Only in English
Comm. Walker – “Galloping Ghost”
The ‘Nightmare’ Night USS Houston Went Down
“Twenty-four days had elapsed since that terrifying day in the Flores Sea, yet here it was haunting me again as it would for the rest of my life. My mind pictured the squadrons of Japs bombers as they attacked time and again from every conceivable direction. After the first run they remained at altitudes far beyond range of our anti-aircraft guns, for they had learned respect on that first run when one of their planes was blasted from the sky and several others were obviously hit and badly shaken. But that first salvo almost finished the Houston. It was a perfect straddle, and the force of those big bombs seemed as though a giant hand had taken the ship, lifted her bodily from the water, and tossed her yards away form her original course. There had been no personnel casualties that time but our main anti-aircraft director had been wrenched from its track, rendering it useless, and we were taking water aboard from sprung plates in the hull.
That day the crew had only the steady barrage from the anti-aircraft guns and Captain Rook’s clever handling of the ship to thank for keeping them from the realms of Davy Jones. But there was one horrible period during that afternoon when the Nips almost got us for keeps. A five-hundred pound bomb, and a stray at that, hit us squarely amidships aft. Some utterly stupid Jap bombardier failed to release with the rest of his squadron and Captain Rooks could make no allowances for such as him. The salvo fell harmlessly off the port quarter but the stray crashed through two platforms of the main mast before it exploded on the deck just forward of number three turret. Hunks of shrapnel tore through the turrets thin armor as though it were paper, igniting powder bags in the hoists. In one blazing instant all hands in the turret and in the handling rooms below were dead. Where the bomb spent its force, a gaping hole was blown in the deck below which waited the after repair party. They were wiped out almost to a man. It was a hellish battle which ended with forty-eight of our shipmates killed and another fifty seriously burned or wounded.

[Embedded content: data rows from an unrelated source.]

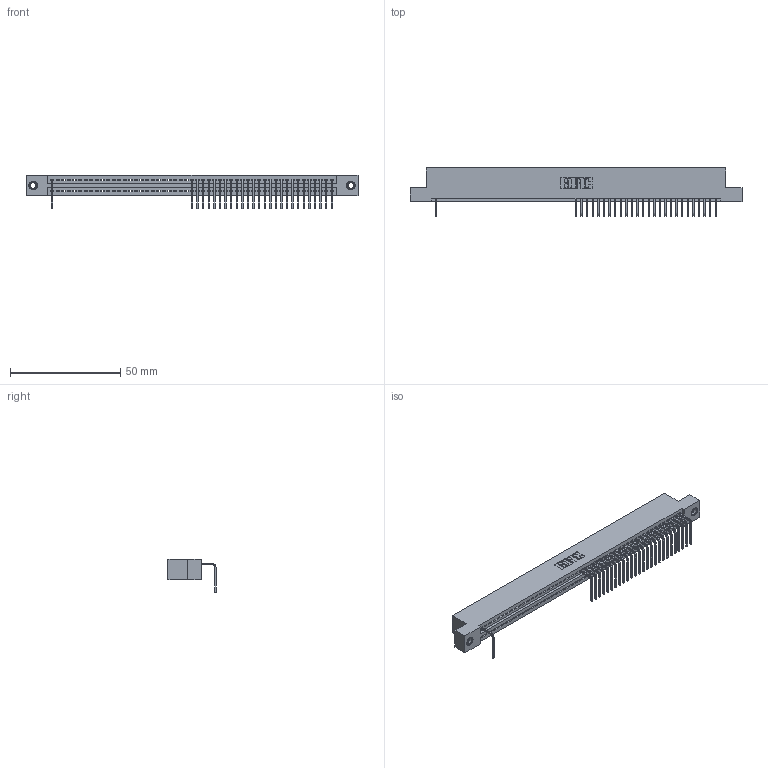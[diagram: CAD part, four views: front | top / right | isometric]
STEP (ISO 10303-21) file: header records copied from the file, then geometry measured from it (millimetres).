
FILE_DESCRIPTION (( 'STEP AP203' ), '1' );
FILE_NAME ('345-051-558-107.STEP', '2018-09-22T18:30:18', ( '' ), ( '' ), 'SwSTEP 2.0', 'SolidWorks 2016', '' );
FILE_SCHEMA (( 'CONFIG_CONTROL_DESIGN' ));
Length unit declared in the file: inch
Products named in the file (4): 345 Part_Flush Mounting Lugs - 0.156 Dia-TI; 345-292-001_558 Tail - 2; 345-250-001_345-250-005-103; 345-051-558-107
Assembly tree (30 placements, depth 2):
  345-051-558-107
    345 Part_Flush Mounting Lugs - 0.156 Dia-TI
    345-292-001_558 Tail - 2  x27
    345-250-001_345-250-005-103  x2
Bounding box: 150.75 x 21.83 x 15.37 mm (x, y, z)
Volume: 14193.6 mm3; surface area: 18086.1 mm2
Topology: 30 solids, 30 shells, 2190 faces, 6687 edges, 4414 vertices
Faces by surface type: plane 1582, cylinder 592, cone 12, torus 4
Entity records: 37674 total; most frequent: ORIENTED_EDGE 6618, CARTESIAN_POINT 6616, DIRECTION 5765, EDGE_CURVE 3309, VECTOR 2953, LINE 2953, VERTEX_POINT 2200, AXIS2_PLACEMENT_3D 1406

I strove desperately to rid myself of the picture of that blazing turret—the bodies of the dead sprawled grotesquely in pools of blood and the bewildered wounded staggering forward for medical aid—but I was forced to see it through. Once again I heard the banging of hammers, hammers that pounded throughout the long night as tired men worked steadily building coffins for forty-eight shipmates lying in little groups on the fantail. We put into Chilatjap the following day, that stinking fever ridden little port on the South Coast of Java. Here we sadly unloaded our wounded and prepared to bury our dead. It seemed that in the hum of the blowers I detected strains of the Death March—the same mournful tune that the band played as we carried our comrades through the heat of those sunburned, dusty streets of Chilatjap. I saw again the brown poker-faced natives dressed in sarongs, quietly watching us as we buried our dead in the little Dutch cemetery that looked out over the sea. I wondered what those slim brown men thought of all this.”